Abstracting Words and Numbers

We informally compare the layering of concepts in both mathematics and computaton. We observe that with each layer an abstraction is formed that normalizes a useful manipulation.

# Mathematics

Numbers come from counting or measuring. We can add or multiply numbers or even invert these operations to get subtraction or division. We can name a number and then further manipulate it: x, x·x, x².

We recognize some systems of operations are useful such as the polynomial: a·x² + b·x + c. The variables a, b and c are the expressive part here and held firm while considering all possible values of x.

We consider systems of equations expressed in orderly collections of polynomial coefficients, which we metaphorically call a matrix.

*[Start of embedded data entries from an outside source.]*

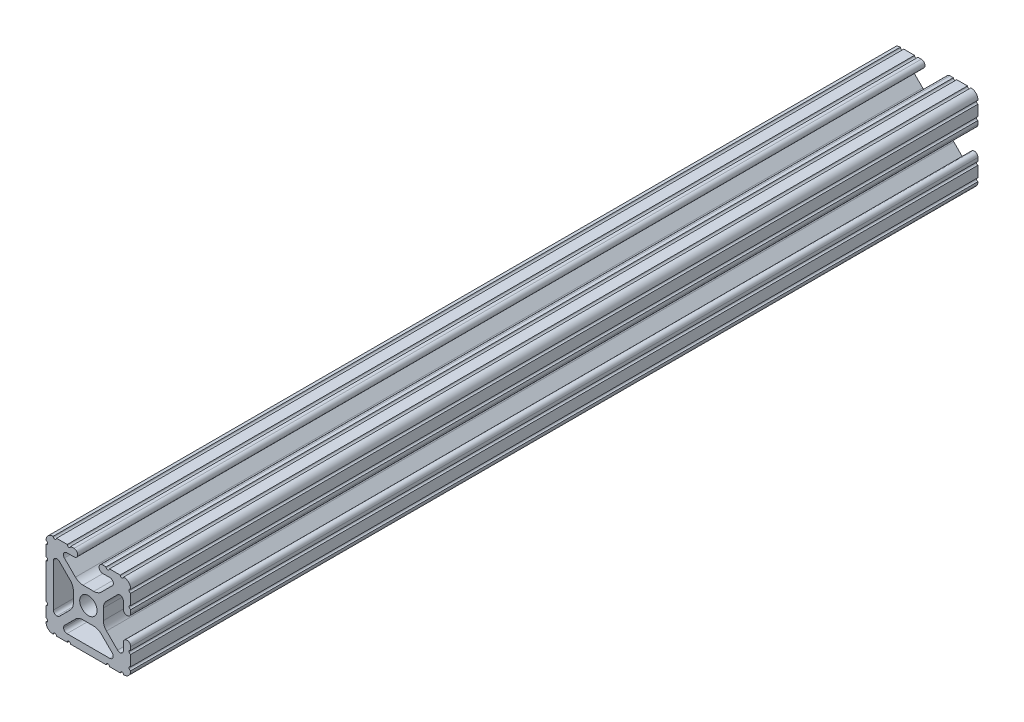
SolidWorks part; units mm, degrees
ref_plane "Front Plane" through (0, 0, 0) normal (0, 0, 1) x (1, 0, 0)
ref_plane "Top Plane" through (0, 0, 0) normal (0, 1, 0) x (1, 0, 0)
ref_plane "Right Plane" through (0, 0, 0) normal (1, 0, 0) x (0, 0, -1)
ref_plane "Plane1" through (0, 0, -558.8) normal (0, 0, -1) x (-1, 0, 0)
sketch "Sketch1" plane through (0, 0, -558.8) normal (0, 0, -1) x (-1, 0, 0)
  line L0 (12.7, -9.5504) -> (12.7, -6.3246)
  line L1 (12.7, -5.3086) -> (12.7, 5.3086)
  line L2 (12.7, 6.3246) -> (12.7, 9.5504)
  line L3 (9.5504, 12.7) -> (6.3246, 12.7)
  line L4 (5.3086, 12.7) -> (4.3023, 12.7)
  line L5 (4.3023, 10.4902) -> (6.4748, 10.4902)
  line L6 (7.1932, 8.7558) -> (3.8759, 5.4384)
  line L7 (1.6308, 4.5085) -> (-1.6308, 4.5085)
  line L8 (-3.8759, 5.4384) -> (-7.1932, 8.7558)
  line L9 (-6.4748, 10.4902) -> (-4.3023, 10.4902)
  line L10 (-4.3023, 12.7) -> (-5.3086, 12.7)
  line L11 (-6.3246, 12.7) -> (-9.5504, 12.7)
  line L12 (-12.7, 9.5504) -> (-12.7, 6.3246)
  line L13 (-12.7, 5.3086) -> (-12.7, 4.3023)
  line L14 (-10.4902, 4.3023) -> (-10.4902, 6.4748)
  line L15 (-8.7558, 7.1932) -> (-5.4384, 3.8759)
  line L16 (-4.5085, 1.6308) -> (-4.5085, -1.6308)
  line L17 (-5.4384, -3.8759) -> (-8.7558, -7.1932)
  line L18 (-10.4902, -6.4748) -> (-10.4902, -4.3023)
  line L19 (-12.7, -4.3023) -> (-12.7, -5.3086)
  line L20 (-12.7, -6.3246) -> (-12.7, -9.5504)
  line L21 (-9.5504, -12.7) -> (-6.3246, -12.7)
  line L22 (-5.3086, -12.7) -> (5.3086, -12.7)
  line L23 (6.3246, -12.7) -> (9.5504, -12.7)
  line L24 (3.8759, -5.4384) -> (7.1319, -8.6945)
  line L25 (6.4135, -10.4902) -> (-6.4135, -10.4902)
  line L26 (-7.1319, -8.6945) -> (-3.8759, -5.4384)
  line L27 (-1.6308, -4.5085) -> (1.6308, -4.5085)
  line L28 (10.4902, 6.4135) -> (10.4902, -6.4135)
  line L29 (8.6945, -7.1319) -> (5.4384, -3.8759)
  line L30 (4.5085, -1.6308) -> (4.5085, 1.6308)
  line L31 (5.4384, 3.8759) -> (8.6945, 7.1319)
  arc A0 (12.7, -10.5664) -> (12.7, -9.5504) centre (12.7, -10.0584) cw
  arc A1 (12.7, -6.3246) -> (12.7, -5.3086) centre (12.7, -5.8166) cw
  arc A2 (12.7, 5.3086) -> (12.7, 6.3246) centre (12.7, 5.8166) cw
  arc A3 (12.7, 9.5504) -> (12.7, 10.5664) centre (12.7, 10.0584) cw
  arc A4 (12.7, 10.5664) -> (10.5664, 12.7) centre (10.592, 10.592) ccw
  arc A5 (10.5664, 12.7) -> (9.5504, 12.7) centre (10.0584, 12.7) cw
  arc A6 (6.3246, 12.7) -> (5.3086, 12.7) centre (5.8166, 12.7) cw
  arc A7 (4.3023, 12.7) -> (4.3023, 10.4902) centre (4.3023, 11.5951) ccw
  arc A8 (6.4748, 10.4902) -> (7.1932, 8.7558) centre (6.4748, 9.4742) cw
  arc A9 (3.8759, 5.4384) -> (1.6308, 4.5085) centre (1.6308, 7.6835) cw
  arc A10 (-1.6308, 4.5085) -> (-3.8759, 5.4384) centre (-1.6308, 7.6835) cw
  arc A11 (-7.1932, 8.7558) -> (-6.4748, 10.4902) centre (-6.4748, 9.4742) cw
  arc A12 (-4.3023, 10.4902) -> (-4.3023, 12.7) centre (-4.3023, 11.5951) ccw
  arc A13 (-5.3086, 12.7) -> (-6.3246, 12.7) centre (-5.8166, 12.7) cw
  arc A14 (-9.5504, 12.7) -> (-10.5664, 12.7) centre (-10.0584, 12.7) cw
  arc A15 (-10.5664, 12.7) -> (-12.7, 10.5664) centre (-10.592, 10.592) ccw
  arc A16 (-12.7, 10.5664) -> (-12.7, 9.5504) centre (-12.7, 10.0584) cw
  arc A17 (-12.7, 6.3246) -> (-12.7, 5.3086) centre (-12.7, 5.8166) cw
  arc A18 (-12.7, 4.3023) -> (-10.4902, 4.3023) centre (-11.5951, 4.3023) ccw
  arc A19 (-10.4902, 6.4748) -> (-8.7558, 7.1932) centre (-9.4742, 6.4748) cw
  arc A20 (-5.4384, 3.8759) -> (-4.5085, 1.6308) centre (-7.6835, 1.6308) cw
  arc A21 (-4.5085, -1.6308) -> (-5.4384, -3.8759) centre (-7.6835, -1.6308) cw
  arc A22 (-8.7558, -7.1932) -> (-10.4902, -6.4748) centre (-9.4742, -6.4748) cw
  arc A23 (-10.4902, -4.3023) -> (-12.7, -4.3023) centre (-11.5951, -4.3023) ccw
  arc A24 (-12.7, -5.3086) -> (-12.7, -6.3246) centre (-12.7, -5.8166) cw
  arc A25 (-12.7, -9.5504) -> (-12.7, -10.5664) centre (-12.7, -10.0584) cw
  arc A26 (-12.7, -10.5664) -> (-10.5664, -12.7) centre (-10.592, -10.592) ccw
  arc A27 (-10.5664, -12.7) -> (-9.5504, -12.7) centre (-10.0584, -12.7) cw
  arc A28 (-6.3246, -12.7) -> (-5.3086, -12.7) centre (-5.8166, -12.7) cw
  arc A29 (5.3086, -12.7) -> (6.3246, -12.7) centre (5.8166, -12.7) cw
  arc A30 (9.5504, -12.7) -> (10.5664, -12.7) centre (10.0584, -12.7) cw
  arc A31 (10.5664, -12.7) -> (12.7, -10.5664) centre (10.592, -10.592) ccw
  circle A32 centre (0, 0) radius 2.6035
  arc A33 (7.1319, -8.6945) -> (7.4295, -9.4742) centre (6.2865, -9.4638) cw
  arc A34 (7.4295, -9.4742) -> (6.4135, -10.4902) centre (6.4135, -9.4742) cw
  arc A35 (-6.4135, -10.4902) -> (-7.4295, -9.4742) centre (-6.4135, -9.4742) cw
  arc A36 (-7.4295, -9.4742) -> (-7.1319, -8.6945) centre (-6.2865, -9.4638) cw
  arc A37 (-3.8759, -5.4384) -> (-1.6308, -4.5085) centre (-1.6308, -7.6835) cw
  arc A38 (1.6308, -4.5085) -> (3.8759, -5.4384) centre (1.6308, -7.6835) cw
  arc A39 (9.4742, 7.4295) -> (10.4902, 6.4135) centre (9.4742, 6.4135) cw
  arc A40 (10.4902, -6.4135) -> (9.4742, -7.4295) centre (9.4742, -6.4135) cw
  arc A41 (9.4742, -7.4295) -> (8.6945, -7.1319) centre (9.4638, -6.2865) cw
  arc A42 (5.4384, -3.8759) -> (4.5085, -1.6308) centre (7.6835, -1.6308) cw
  arc A43 (4.5085, 1.6308) -> (5.4384, 3.8759) centre (7.6835, 1.6308) cw
  arc A44 (8.6945, 7.1319) -> (9.4742, 7.4295) centre (9.4638, 6.2865) cw
extrude "Boss-Extrude1" add sketch "Sketch1" against normal blind 254
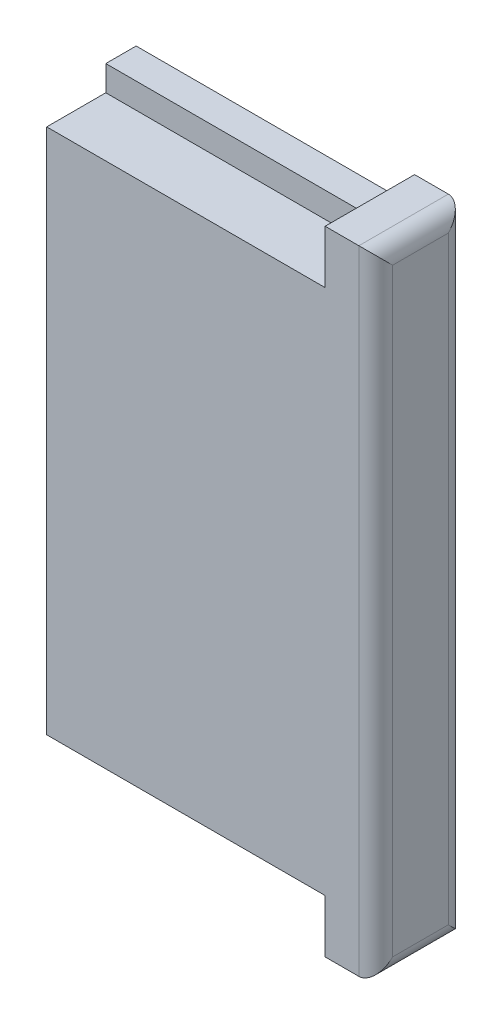
SolidWorks part; units mm, degrees
ref_plane "Piano frontale" through (0, 0, 0) normal (0, 0, 1) x (1, 0, 0)
ref_plane "Piano superiore" through (0, 0, 0) normal (0, 1, 0) x (1, 0, 0)
ref_plane "Piano destro" through (0, 0, 0) normal (1, 0, 0) x (0, 0, -1)
sketch "Sketch1" plane through (0, 0, 0) normal (0, 0, 1) x (1, 0, 0)
  line L0 (-8.25, 17.1) -> (8.25, -17.1) construction
  line L1 (-8.25, 17.1) -> (8.25, 17.1)
  line L2 (-8.25, 17.1) -> (-8.25, -17.1)
  line L3 (-8.25, -17.1) -> (8.25, -17.1)
  line L4 (8.25, 17.1) -> (8.25, -17.1)
  point P4 (0, 0)
  dimension "D1" = 34.2
  dimension "D2" = 16.5
extrude "Int" add sketch "Sketch1" along normal blind 1.8
sketch "Sketch2" plane through (0, 0, 1.8) normal (0, 0, 1) x (1, 0, 0)
  line L0 (8.25, -17.1) -> (8.25, 17.1) construction
  line L1 (8.25, 15.6) -> (-8.25, 15.6)
  line L2 (8.25, 15.6) -> (8.25, -15.6)
  line L3 (8.25, -15.6) -> (-8.25, -15.6)
  line L4 (-8.25, 15.6) -> (-8.25, -15.6)
  line L5 (8.25, 17.1) -> (-8.25, 17.1) construction
  line L6 (-8.25, -17.1) -> (8.25, -17.1) construction
  line L7 (-8.25, 17.1) -> (-8.25, -17.1) construction
  dimension "D1" = 1.5
  dimension "D2" = 1.5
extrude "Ext" add sketch "Sketch2" along normal blind 3.5
sketch "Sketch3" plane through (8.25, 0, 0) normal (1, 0, 0) x (0, 0, -1)
  line L0 (0, -17.1) -> (0, 17.1) construction
  line L1 (0, 18.75) -> (-5.3, 18.75)
  line L2 (0, 18.75) -> (0, -18.75)
  line L3 (0, -18.75) -> (-5.3, -18.75)
  line L4 (-5.3, 18.75) -> (-5.3, -18.75)
  line L5 (-5.3, -15.6) -> (-5.3, 15.6) construction
  line L6 (0, 0) -> (-5.3, 0) construction
  point P12 (-5.3, 0)
  dimension "D1" = 37.5
extrude "Top" add sketch "Sketch3" along normal blind 3
fillet "Fillet1" radius 1 4 edges at (11.25, -18.75, 2.65) (11.25, 0, 5.3) (11.25, 18.75, 2.65) (11.25, 0, 0)

\[ \begin{matrix} a₀ & a₁ & a₂ \\ b₀ & b₁ & b₂ \\ c₀ & c₁ & c₂ \end{matrix} \]

# Computation

Words come from phonetic sequences of letters which may or may not have meaning in the world outside of computation. A list of words, {alpha beta gamma}, can express an operation if alpha is recognized as naming a replacement.

Lambda, sometimes written λ, expresses the replacement of arguments into a list.

{lambda {beta} alpha beta gamma}

Lamba plus a small number of additional operations can be nested to perform arbitrary computations. For example.

{def foo {lambda {beta} alpha beta gamma}}

Where def means define the next word, foo, as expressing the operation defined by the following words.

# Hypertext

Words have their usual meanings drawn from natural language. Paragraphs are words assembled into statements that expresses a thought.

A page has a title made from words and a story made from paragraphs.

A title enclosed in square brackets will display as a link when clicked exposes the story by that name. From this arbitrarily complex paths through the stories are made possible.

# Comparison

Each system offers a mechanism for naming structures found in the domain of discourse. The systems differ in when the abstractions so created are applied.

In mathematics the abstractions hold for all time.

In computation the abstractions apply in sequence.

In hypertext the abstractions apply when clicked.

Systems are easily built that employ some combination of these approaches exploiting each to their advantage. Notations become slightly more complex but also much more expressive and convenient.